Sent from my SCH-I605 using Tapatalk 2


----------



## gnex0422 (Mar 5, 2012)

GTvert90 said:


> won't work. Your upgrade date will be reset to the original one
> 
> Sent from my SCH-I605 using Tapatalk 2


Thought so thank you

Sent from my Galaxy Nexus using RootzWiki


----------



## fallingd0wn (Jun 7, 2011)

It will work fine. I just did it myself. I got an early upgrade by calling VZW. They would only approve me for a GS3 however. I got that shipped to me, then exchanged it in a local corporate store for a Note 2. The store didn't care one way or another as long as I paid the difference in price. You have 14 days after an upgrade to do an exchange if you want something different.


----------



## gnex0422 (Mar 5, 2012)

fallingd0wn said:


> It will work fine. I just did it myself. I got an early upgrade by calling VZW. They would only approve me for a GS3 however. I got that shipped to me, then exchanged it in a local corporate store for a Note 2. The store didn't care one way or another as long as I paid the difference in price. You have 14 days after an upgrade to do an exchange if you want something different.

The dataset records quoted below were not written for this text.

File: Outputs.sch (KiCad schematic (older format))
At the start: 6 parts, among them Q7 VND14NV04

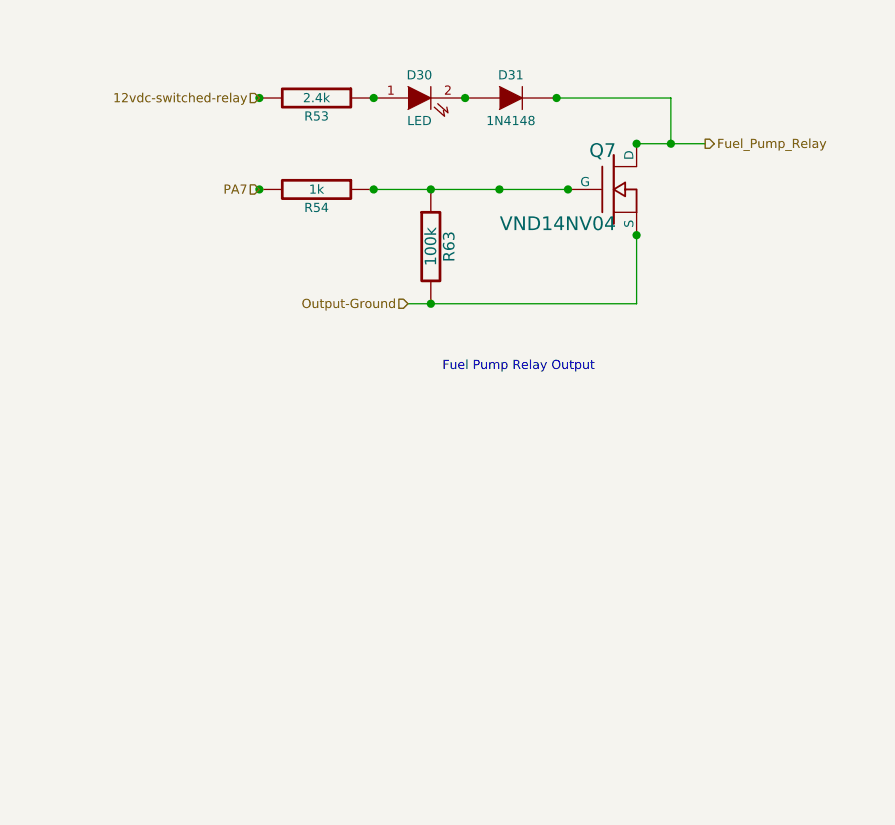
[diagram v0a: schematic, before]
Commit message: Updated Schematics, PDF, BOM for 4cyl Sequential Injection
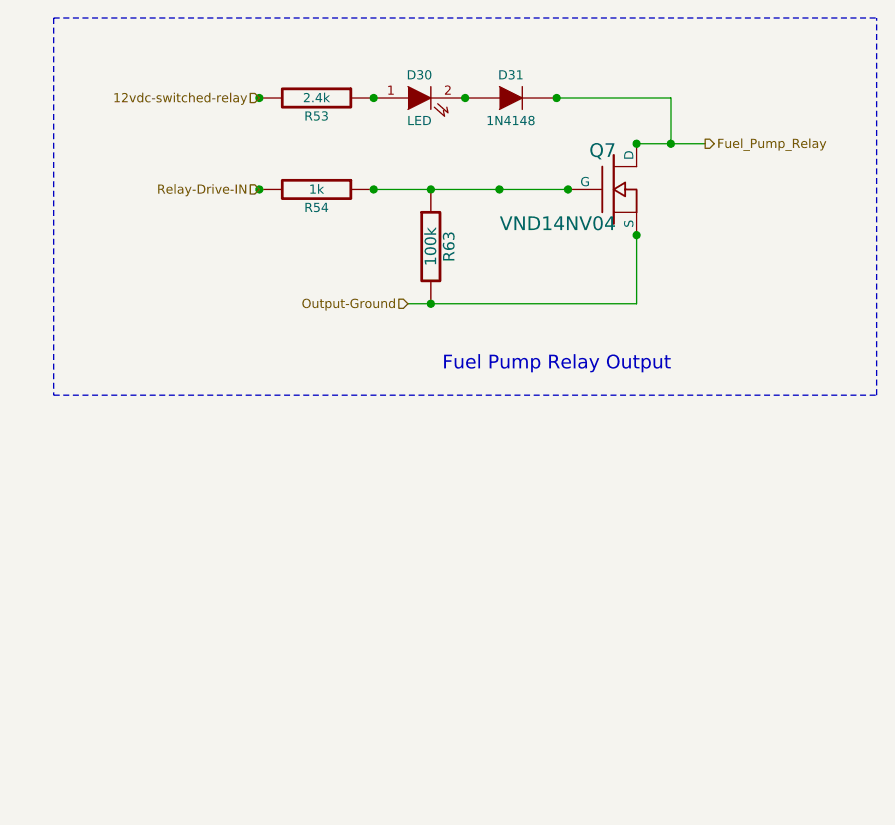
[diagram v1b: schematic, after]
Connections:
- net PA7 renamed Relay-Drive-IN
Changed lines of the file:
@@
-EESchema Schematic File Version 2  date Tue 24 Jan 2012 02:18:15 PM EST
+EESchema Schematic File Version 2  date Tue 24 Jan 2012 11:15:10 PM EST
 LIBS:power
 LIBS:device
@@
 Sheet 5 7
 Title "Jaguar PCB for FreeEMS"
-Date "24 jan 2012"
+Date "25 jan 2012"
 Rev "A.1"
 Comp "diyefi.org"
@@
 Comment4 ""
 $EndDescr
+Wire Notes Line
+	3800 2750 7400 2750
+Wire Notes Line
+	3800 2750 3800 4400
+Wire Notes Line
+	3800 4400 7400 4400
+Wire Notes Line
+	7400 4400 7400 2750
 Wire Wire Line
-	5350 4000 6350 4000
-Connection ~ 4700 3500
-Connection ~ 5200 3500
-Connection ~ 5450 3500
-Connection ~ 5450 4000
+	6500 3300 6500 3100
 Wire Wire Line
-	6350 4000 6350 3700
+	6350 3300 6650 3300
+Connection ~ 6500 3300
+Connection ~ 6350 3300
+Connection ~ 6350 3700
+Connection ~ 6050 3500
+Connection ~ 5750 3500
+Connection ~ 5200 3100
+Connection ~ 4700 3100
+Connection ~ 5600 3100
+Connection ~ 6000 3100
+Wire Wire Line
+	6500 3100 6000 3100
 Wire Wire Line
 	5200 3500 6050 3500
 Wire Wire Line
-	6000 3100 6500 3100
-Connection ~ 6000 3100
-Connection ~ 5600 3100
-Connection ~ 4700 3100
-Connection ~ 5200 3100
-Connection ~ 5750 3500
-Connection ~ 6050 3500
-Connection ~ 6350 3700
-Connection ~ 6350 3300
-Connection ~ 6500 3300
+	6350 3700 6350 4000
+Connection ~ 5450 4000
+Connection ~ 5450 3500
+Connection ~ 5200 3500
+Connection ~ 4700 3500
 Wire Wire Line
-	6350 3300 6650 3300
-Wire Wire Line
-	6500 3100 6500 3300
+	6350 4000 5350 4000
 Text HLabel 5350 4000 0    40   Input ~ 0
 Output-Ground
@@
 	1    0    0    -1
 $EndComp
-Text Notes 5500 4300 0    40   ~ 0
+Text Notes 5500 4300 0    60   ~ 0
 Fuel Pump Relay Output
 $Comp
@@
 $EndComp
 Text HLabel 4700 3500 0    40   Input ~ 0
-PA7
+Relay-Drive-IN
 Text HLabel 6650 3300 2    40   Output ~ 0
 Fuel_Pump_Relay

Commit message: Updated everything for up to 8 cylinder engines
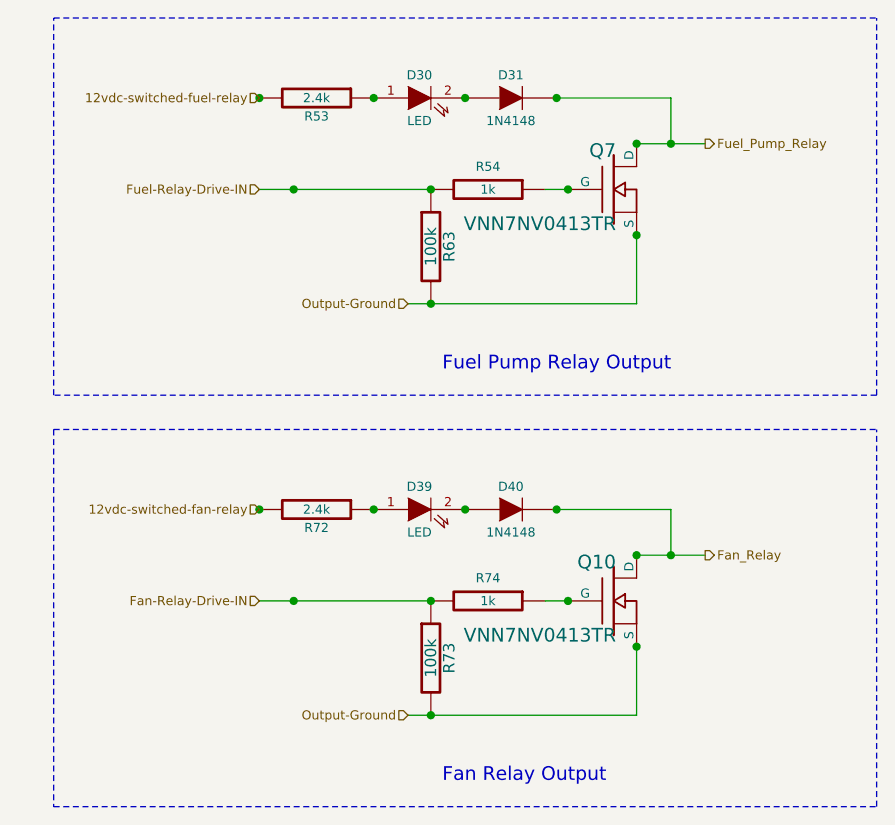
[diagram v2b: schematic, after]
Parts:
- added D39: LED, symbol LED
- added D40: 1N4148, symbol DIODE
- added Q10: VNN7NV0413TR, symbol MOSFET_N
- added R72: 2.4k, symbol R
- added R73: 100k, symbol R
- added R74: 1k, symbol R
- Q7: value VND14NV04 -> VNN7NV0413TR
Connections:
- net Output-Ground: now also Q10.S, R73.2
- net at Q7.G, R54.1: no longer R63.1
- net 12vdc-switched-relay renamed 12vdc-switched-fuel-relay
- net Relay-Drive-IN renamed Fuel-Relay-Drive-IN
- net Fuel-Relay-Drive-IN: now also R63.1
- new net: Q10.G, R74.1
- new net: D39.2 (K), D40.1 (A)
- new net: D39.1 (A), R72.1
- new net 12vdc-switched-fan-relay: R72.2
- new net Fan-Relay-Drive-IN: R73.1, R74.2
- new net Fan_Relay: D40.2 (K), Q10.D
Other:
- note added: "Fan Relay Output"
- moved on the sheet: R54
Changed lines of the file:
@@
-EESchema Schematic File Version 2  date Tue 24 Jan 2012 11:15:10 PM EST
+EESchema Schematic File Version 2  date Thu 26 Jan 2012 03:16:21 AM EST
 LIBS:power
 LIBS:device
@@
 Sheet 5 7
 Title "Jaguar PCB for FreeEMS"
-Date "25 jan 2012"
+Date "26 jan 2012"
 Rev "A.1"
 Comp "diyefi.org"
@@
 Comment4 ""
 $EndDescr
+Wire Wire Line
+	5450 5300 4700 5300
+Wire Notes Line
+	3800 4550 7400 4550
+Wire Notes Line
+	3800 4550 3800 6200
+Wire Notes Line
+	3800 6200 7400 6200
+Wire Notes Line
+	7400 6200 7400 4550
+Wire Wire Line
+	6500 5100 6500 4900
+Wire Wire Line
+	6350 5100 6650 5100
+Connection ~ 6500 5100
+Connection ~ 6350 5100
+Connection ~ 6350 5500
+Connection ~ 6050 5300
+Connection ~ 5200 4900
+Connection ~ 4700 4900
+Connection ~ 5600 4900
+Connection ~ 6000 4900
+Wire Wire Line
+	6500 4900 6000 4900
+Wire Wire Line
+	6350 5500 6350 5800
+Connection ~ 5450 5800
+Connection ~ 5450 5300
+Wire Wire Line
+	6350 5800 5350 5800
+Wire Wire Line
+	5950 5300 6050 5300
+Connection ~ 4850 5300
+Connection ~ 4850 3500
+Wire Wire Line
+	5950 3500 6050 3500
+Wire Wire Line
+	5350 4000 6350 4000
+Connection ~ 5450 3500
+Connection ~ 5450 4000
+Wire Wire Line
+	6350 4000 6350 3700
+Wire Wire Line
+	6000 3100 6500 3100
+Connection ~ 6000 3100
+Connection ~ 5600 3100
+Connection ~ 4700 3100
+Connection ~ 5200 3100
+Connection ~ 6050 3500
+Connection ~ 6350 3700
+Connection ~ 6350 3300
+Connection ~ 6500 3300
+Wire Wire Line
+	6350 3300 6650 3300
+Wire Wire Line
+	6500 3100 6500 3300
+Wire Notes Line
+	7400 4400 7400 2750
+Wire Notes Line
+	7400 4400 3800 4400
+Wire Notes Line
+	3800 4400 3800 2750
 Wire Notes Line
 	3800 2750 7400 2750
-Wire Notes Line
-	3800 2750 3800 4400
-Wire Notes Line
-	3800 4400 7400 4400
-Wire Notes Line
-	7400 4400 7400 2750
-Wire Wire Line
-	6500 3300 6500 3100
-Wire Wire Line
-	6350 3300 6650 3300
-Connection ~ 6500 3300
-Connection ~ 6350 3300
-Connection ~ 6350 3700
-Connection ~ 6050 3500
-Connection ~ 5750 3500
-Connection ~ 5200 3100
-Connection ~ 4700 3100
-Connection ~ 5600 3100
-Connection ~ 6000 3100
-Wire Wire Line
-	6500 3100 6000 3100
-Wire Wire Line
-	5200 3500 6050 3500
-Wire Wire Line
-	6350 3700 6350 4000
-Connection ~ 5450 4000
-Connection ~ 5450 3500
-Connection ~ 5200 3500
-Connection ~ 4700 3500
-Wire Wire Line
-	6350 4000 5350 4000
+Wire Wire Line
+	5450 3500 4700 3500
+$Comp
+L R R74
+U 1 1 4F20C919
+P 5700 5300
+F 0 "R74" V 5600 5300 40  0000 C CNN
+F 1 "1k" V 5700 5300 40  0000 C CNN
+	1    5700 5300
+	0    1    1    0
+$EndComp
+Text HLabel 4700 4900 0    40   Input ~ 0
+12vdc-switched-fan-relay
+Text HLabel 6650 5100 2    40   Output ~ 0
+Fan_Relay
+Text HLabel 4700 5300 0    40   Input ~ 0
+Fan-Relay-Drive-IN
+$Comp
+L R R72
+U 1 1 4F20C918
+P 4950 4900
+F 0 "R72" V 5030 4900 40  0000 C CNN
+F 1 "2.4k" V 4950 4900 40  0000 C CNN
+	1    4950 4900
+	0    1    1    0
+$EndComp
+$Comp
+L LED D39
+U 1 1 4F20C917
+P 5400 4900
+F 0 "D39" H 5400 5000 40  0000 C CNN
+F 1 "LED" H 5400 4800 40  0000 C CNN
+	1    5400 4900
+	1    0    0    -1
+$EndComp
+$Comp
+L DIODE D40
+U 1 1 4F20C916
+P 5800 4900
+F 0 "D40" H 5800 5000 40  0000 C CNN
+F 1 "1N4148" H 5800 4800 40  0000 C CNN
+	1    5800 4900
+	1    0    0    -1
+$EndComp
+Text Notes 5500 6100 0    60   ~ 0
+Fan Relay Output
+$Comp
+L MOSFET_N Q10
+U 1 1 4F20C915
+P 6250 5300
+F 0 "Q10" H 6260 5470 60  0000 R CNN
+F 1 "VNN7NV0413TR" H 6260 5150 60  0000 R CNN
+	1    6250 5300
+	1    0    0    -1
+$EndComp
+$Comp
+L R R73
+U 1 1 4F20C914
+P 5450 5550
+F 0 "R73" V 5530 5550 50  0000 C CNN
+F 1 "100k" V 5450 5550 50  0000 C CNN
+	1    5450 5550
+	1    0    0    -1
+$EndComp
+Text HLabel 5350 5800 0    40   Input ~ 0
+Output-Ground
 Text HLabel 5350 4000 0    40   Input ~ 0
 Output-Ground
@@
 P 6250 3500
 F 0 "Q7" H 6260 3670 60  0000 R CNN
-F 1 "VND14NV04" H 6260 3350 60  0000 R CNN
+F 1 "VNN7NV0413TR" H 6260 3350 60  0000 R CNN
 	1    6250 3500
 	1    0    0    -1
@@
 $EndComp
 Text HLabel 4700 3500 0    40   Input ~ 0
-Relay-Drive-IN
+Fuel-Relay-Drive-IN
 Text HLabel 6650 3300 2    40   Output ~ 0
 Fuel_Pump_Relay
 Text HLabel 4700 3100 0    40   Input ~ 0
-12vdc-switched-relay
+12vdc-switched-fuel-relay
 $Comp
 L R R54
 U 1 1 4F0744B6
-P 4950 3500
-F 0 "R54" V 5030 3500 40  0000 C CNN
-F 1 "1k" V 4950 3500 40  0000 C CNN
-	1    4950 3500
-	0    1    1    0
-$EndComp
+P 5700 3500
+F 0 "R54" V 5600 3500 40  0000 C CNN
+F 1 "1k" V 5700 3500 40  0000 C CNN
+	1    5700 3500
+	0    1    1    0
+$EndComp

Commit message: modified:   Outputs.sch
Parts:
- renumbered Q7 to Q9
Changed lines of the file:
@@
-EESchema Schematic File Version 2  date Thu 26 Jan 2012 03:16:21 AM EST
+EESchema Schematic File Version 2  date Thu 26 Jan 2012 12:42:01 PM EST
 LIBS:power
 LIBS:device
@@
 $EndComp
 $Comp
-L MOSFET_N Q7
+L MOSFET_N Q9
 U 1 1 4F19BBF5
 P 6250 3500
-F 0 "Q7" H 6260 3670 60  0000 R CNN
+F 0 "Q9" H 6260 3670 60  0000 R CNN
 F 1 "VNN7NV0413TR" H 6260 3350 60  0000 R CNN
 	1    6250 3500

Huh ok im just nervous ill order it and they wont exchange it for me

Sent from my Galaxy Nexus using RootzWiki


----------



## gnex0422 (Mar 5, 2012)

fallingd0wn said:


> It will work fine. I just did it myself. I got an early upgrade by calling VZW. They would only approve me for a GS3 however. I got that shipped to me, then exchanged it in a local corporate store for a Note 2. The store didn't care one way or another as long as I paid the difference in price. You have 14 days after an upgrade to do an exchange if you want something different.


I just called my local VW store and asked them if i could do this, the guy didnt seem to care at all so im going to try it, worst comes to worst i get there they say no and i send the sgs3 back

Sent from my Galaxy Nexus using RootzWiki


----------



## GTvert90 (Jun 6, 2011)

I do recall I was doing something different so ignore my post lol

Sent from my SCH-I605 using Tapatalk 2


----------



## gnex0422 (Mar 5, 2012)

Verizon pissed me off ( hard to believe i know). So i ended up buying my note off craigs, coming from a gnex this thing is a beast i love it so far.

Sent from my SCH-I605 using RootzWiki


----------



## Jarmer (Jun 4, 2012)

I did an early upgrade to my Note 2 from a gnex , but had to wait until Feb 1. They wouldn't do it before then.


----------



## gnex0422 (Mar 5, 2012)

Jarmer said:


> I did an early upgrade to my Note 2 from a gnex , but had to wait until Feb 1. They wouldn't do it before then.


When did you get your gnex? I got mine on release day

Sent from my SCH-I605 using RootzWiki


----------



## Jarmer (Jun 4, 2012)

Well, I should clarify.

I got my gnex on release day as well, but since my expiration date was something like August, I used another line on my account's date for upgrade, which was in march or something.

I got the same thing you did: "It's a new iconic device and blah blah not until Feb 1..."

However, I will say this: The reps on the phone ALWAYS had a different story every single I called in, I don't think there is some standard routine for this, I think you just need to randomly catch a rep in a good mood on a good day. Keep trying is what I say.


----------



## gnex0422 (Mar 5, 2012)

Jarmer said:


> Well, I should clarify.
> 
> I got my gnex on release day as well, but since my expiration date was something like August, I used another line on my account's date for upgrade, which was in march or something.
> 
> ...


I believe your right, everytime i called i got a different answer. I never actually got the feb 1st answer and mine situation was almost exact to yours. O well i got my note 2 without lossing my unlimited data, didnt lose my upgrade so all is good.

Sent from my SCH-I605 using RootzWiki


----------